Hardbound

Crash Of The Titans

Just like elder brother Mukesh Ambani, Anil Ambani started off on the solid ground prepared by their father Dhirubhai. However, hardly has any other family business seen such sharply contrasted trajectories as theirs. How did Anil Ambani lose the advantage? Nandini Vijayaraghavan traces the journeys of four well-known entrepreneurs whose businesses took off energetically but failed to retain the momentum and ended up struggling for survival

The 2006 terms of settlement agreement between the brothers resulted in RIL retaining natural gas exploration and extraction from the KG-D6 gas fields located on India’s western coastline, while the ADAG company, R-Power’s core business, was to develop, construct and operate power projects. In 2008, R-Power’s twelve power plants, including two gas-fired power plants at Dadri and Shahpur, were at various stages of development. The 2006 settlement included an agreement that delineated the terms and conditions for RIL supplying natural gas to ADAG’s gas-fired plants at Dadri and Shahpur. As mentioned earlier, R-Power was solely dependent on RIL for natural gas supplies.

The dispute this time was over the price at which RIL ought to supply natural gas to the ADAG company, Reliance Natural Resources Limited (RNRL), whose core business was sourcing, supplying and transporting gas, coal and liquid fuels. RNRL opined that the applicable price was $2.34 per mmBtu (million metric British thermal unit), which, according to Anil, was the price approved by ‘RIL’s board of directors nearly five years ago, and has been duly recorded in the commercial agreements signed by RIL’. This was also the price at which RIL had offered to sell gas to the government-owned National Thermal Power Corporation (NTPC) years ago, a deal that was subject to long-drawn litigation and never implemented.
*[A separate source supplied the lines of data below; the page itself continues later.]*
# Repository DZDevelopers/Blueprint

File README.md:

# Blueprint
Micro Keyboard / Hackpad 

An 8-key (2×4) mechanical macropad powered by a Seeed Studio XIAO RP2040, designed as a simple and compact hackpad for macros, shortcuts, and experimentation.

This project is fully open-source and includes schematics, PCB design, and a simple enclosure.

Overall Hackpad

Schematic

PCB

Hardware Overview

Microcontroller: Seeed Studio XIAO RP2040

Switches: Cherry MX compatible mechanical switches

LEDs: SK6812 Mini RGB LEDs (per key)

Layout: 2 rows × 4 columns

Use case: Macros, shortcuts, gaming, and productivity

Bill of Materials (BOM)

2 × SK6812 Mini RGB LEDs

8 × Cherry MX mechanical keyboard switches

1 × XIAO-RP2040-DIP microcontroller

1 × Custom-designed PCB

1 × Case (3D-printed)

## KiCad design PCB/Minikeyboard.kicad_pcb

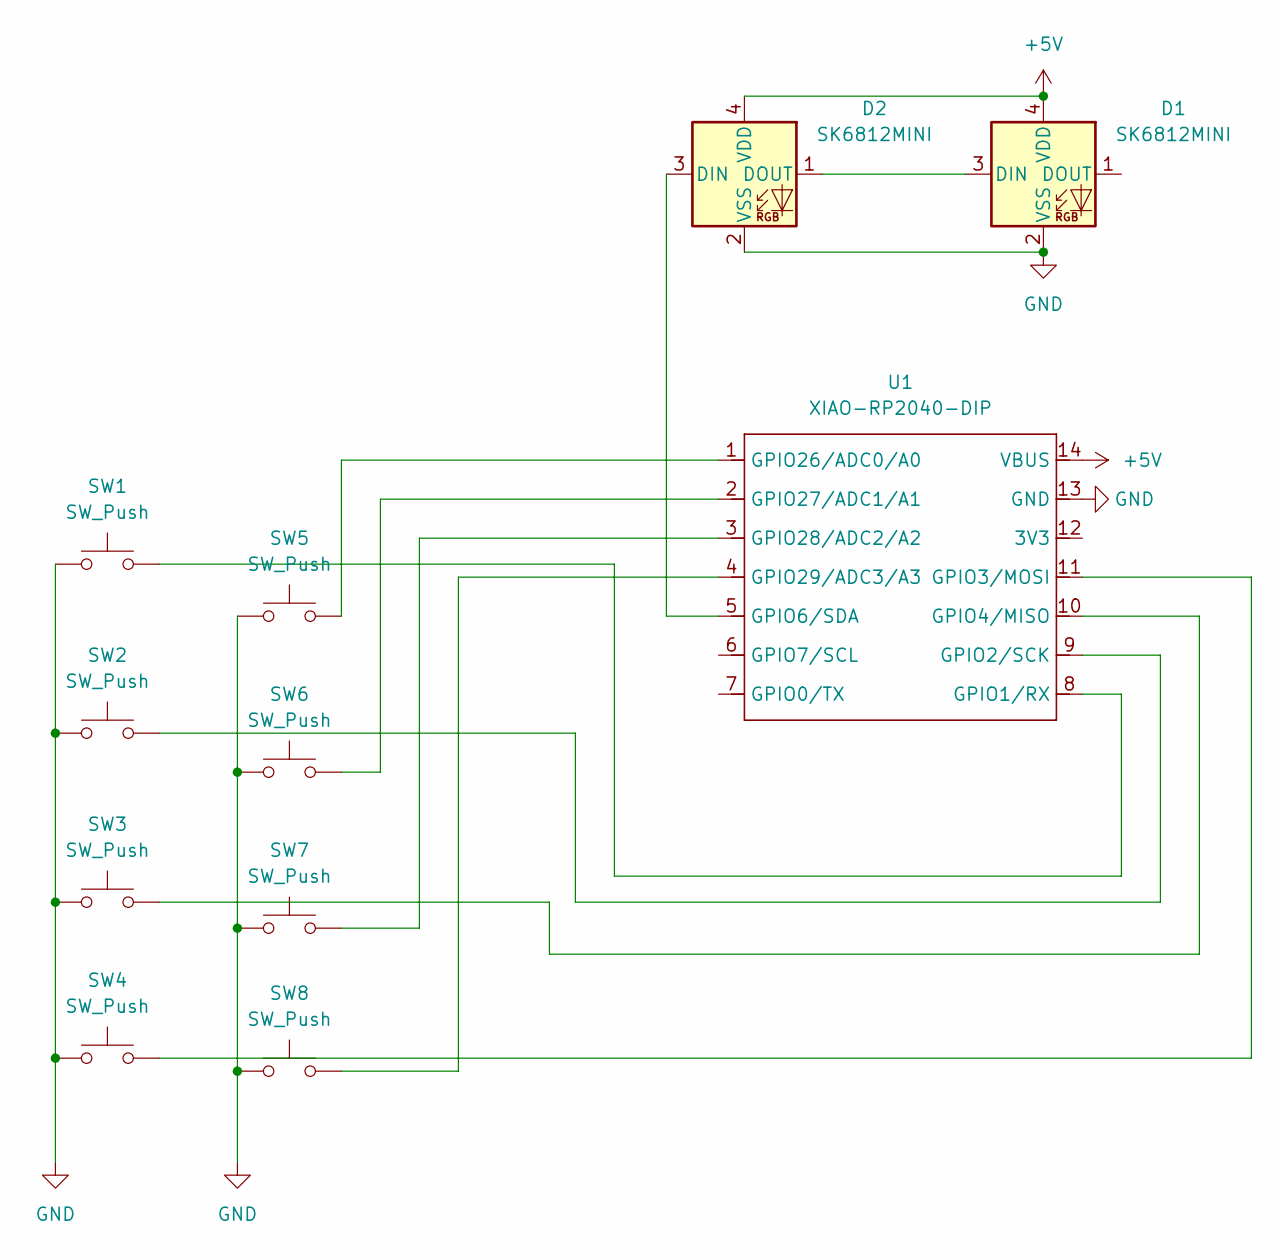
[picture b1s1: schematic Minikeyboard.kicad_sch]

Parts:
D1, D2: SK6812MINI; LED_SK6812MINI_PLCC4_3.5x3.5mm_P1.75mm
SW1, SW2, SW3, SW4, SW5, SW6, SW7, SW8: SW_Push; SW_Cherry_MX_1.00u_PCB
U1: XIAO-RP2040-DIP

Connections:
+5V: D1.4 (VDD), D2.4 (VDD), U1.14 (VBUS)
GND: D1.2 (VSS), D2.2 (VSS), SW1.1, SW2.1, SW3.1, SW4.1, SW5.1, SW6.1, SW7.1, SW8.1, U1.13 (GND)
unnamed: D1.3 (DIN), D2.1 (DOUT)
unnamed: D2.3 (DIN), U1.5 (GPIO6/SDA)
unnamed: SW1.2, U1.8 (GPIO1/RX)
unnamed: SW2.2, U1.9 (GPIO2/SCK)
unnamed: SW4.2, U1.11 (GPIO3/MOSI)
unnamed: SW3.2, U1.10 (GPIO4/MISO)
unnamed: SW5.2, U1.1 (GPIO26/ADC0/A0)
unnamed: SW6.2, U1.2 (GPIO27/ADC1/A1)
unnamed: SW7.2, U1.3 (GPIO28/ADC2/A2)
unnamed: SW8.2, U1.4 (GPIO29/ADC3/A3)

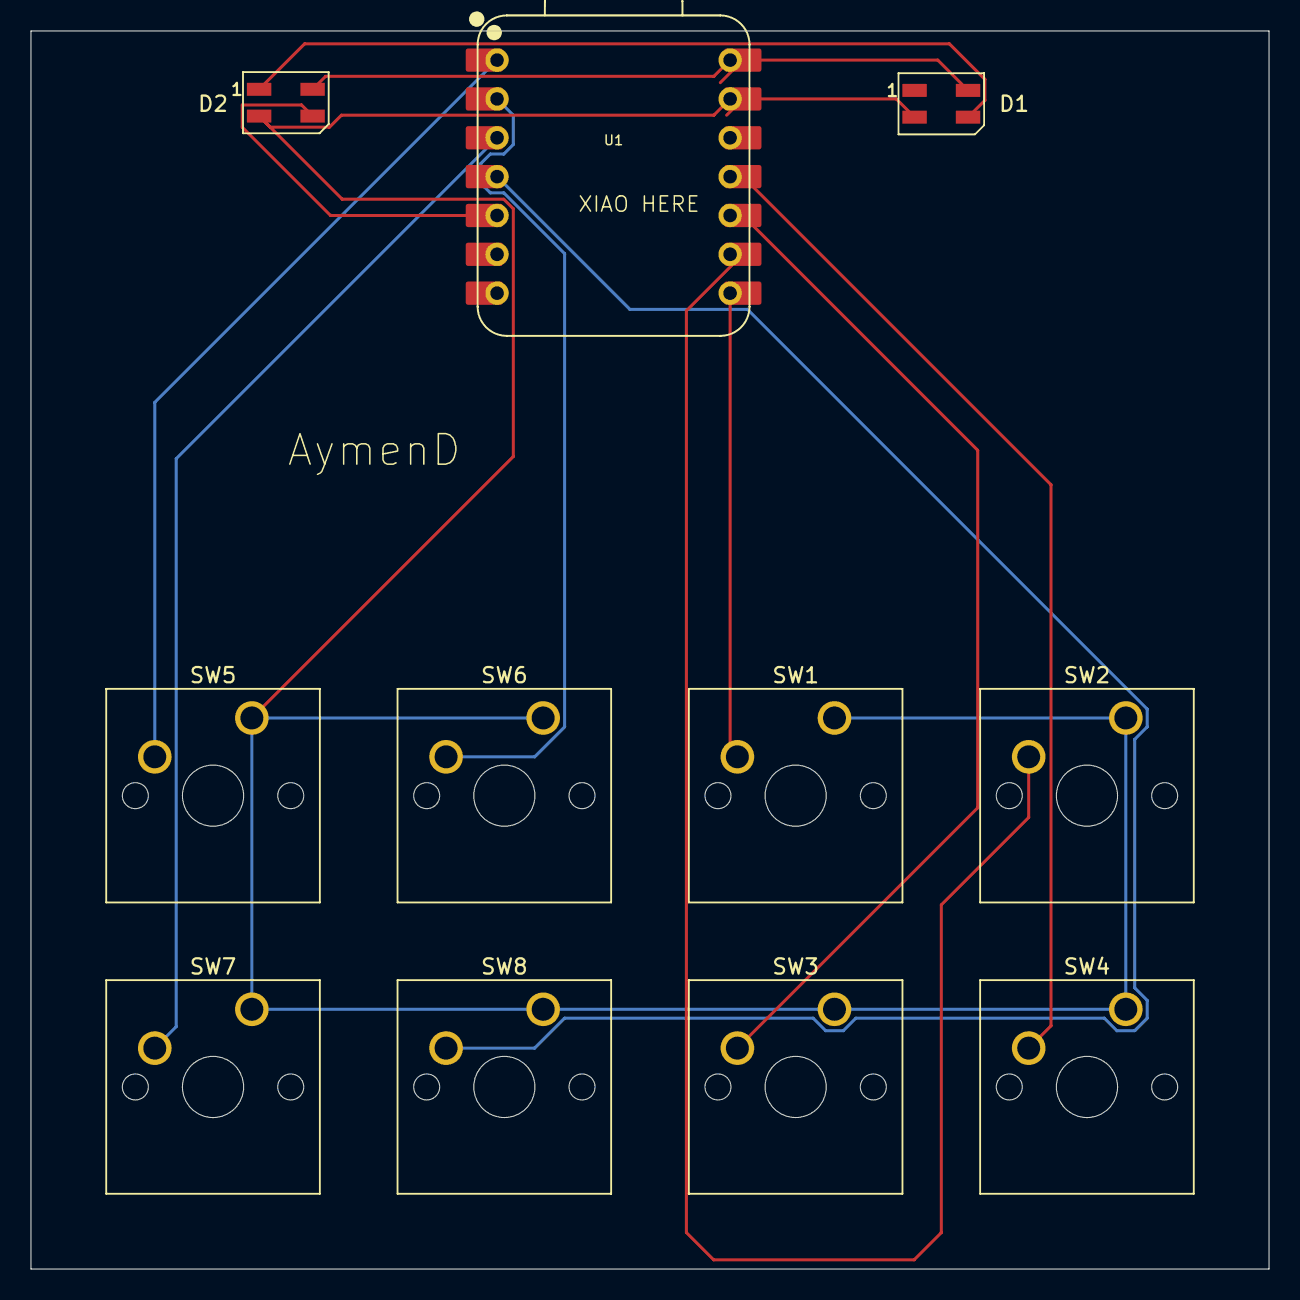
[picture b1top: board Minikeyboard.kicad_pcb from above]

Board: 2 copper layers, 81.0 x 81.0 mm, 11 parts (0 on the bottom side), 12 nets.

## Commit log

2025-12-19 Fixed Everything
2025-12-19 Revise README for hardware overview and features

RIL countered that the applicable price was stipulated in the production sharing contract (PSC) it had signed with the government and was 80 per cent higher at $4.21 per mmBtu.

In November 2006, RNRL filed a case against RIL in the Bombay High Court. The high-decibel litigation raged for seven months. On 15 June 2009, the Bombay High Court ruled that RIL’s board was fully aware of the settlement agreement, which was binding on both RIL and RNRL. RIL had earlier contended that the settlement agreement related to the Ambani family and had no place in the corporate domain. Further, RIL was contractually obliged to supply ADAG 28 mscmd (million standard cubic meters per day) natural gas plus the allocation to NTPC, should RIL’s contract with NTPC not materialize or was cancelled.

The verdict stated that RIL’s natural gas allocation to ADAG was independent of the PSC it had executed with the government, and that RIL would have to bear the cost of supplying natural gas to ADAG. Most damagingly, the judgement stated that ‘there is no specific provision under the PSC to prevent the contractor from selling the gas at a price lower than the price fixed by the government for valuation of gas to the extent of its share’. The court directed RIL and RNRL to enter into a gas supply agreement within a month.

Anil had won the first battle, but RIL announced its intention to appeal to the Supreme Court against the verdict.

Ad Blitzkrieg

Anil then launched a media offensive. A series of five advertisements were ‘issued in the public and national interest on behalf of eight million shareholders of Reliance Anil Dhirubhai Ambani Group, the largest shareholder family in the world’. These advertisements were published in major Indian newspapers.

The first advertisement questioned why NTPC must purchase natural gas from RIL at a price that was 80 per cent more than what was offered by RIL to NTPC. The second advertisement alleged that the petroleum ministry had approved the four-fold hike in RIL’s project cost, resulting in a Rs.30,000-crore ($6.20 billion) loss to the exchequer. The third advertisement questioned why RIL was allowed to hike its natural gas price by 20 per cent during a year when international natural gas prices had crashed by 80 per cent. The penultimate advertisement alleged that RIL was operating at less than 40 per cent of its natural gas capacity and the petroleum ministry was abetting RIL by proclaiming a scarcity, thereby enabling RIL to earn windfall gains at the expense of the government. The final advertisement accused the petroleum ministry of intervening in a commercial dispute over gas supplies between two corporates, and of supporting RIL.

All these advertisements ended with the question ‘Is this in public or national interest?’

The government too stepped into the fray by observing that natural gas was a national resource, the transaction terms of which could not be determined by a private agreement.

Meanwhile, Anil, after undertaking a pilgrimage to temples in the Himalayas, performed a volte-face and expressed his fervent desire to end the deadlock. RIL, while welcoming the move, stated that the matter was subjudice and hoped ‘any overtures for rapprochement are in no way related to the ongoing hearing of the case’.

Supreme Court Verdict

A three-member bench of the apex court, including the then chief justice of India (CJI), K.G. Balakrishnan, began hearing the case on 20 October 2009.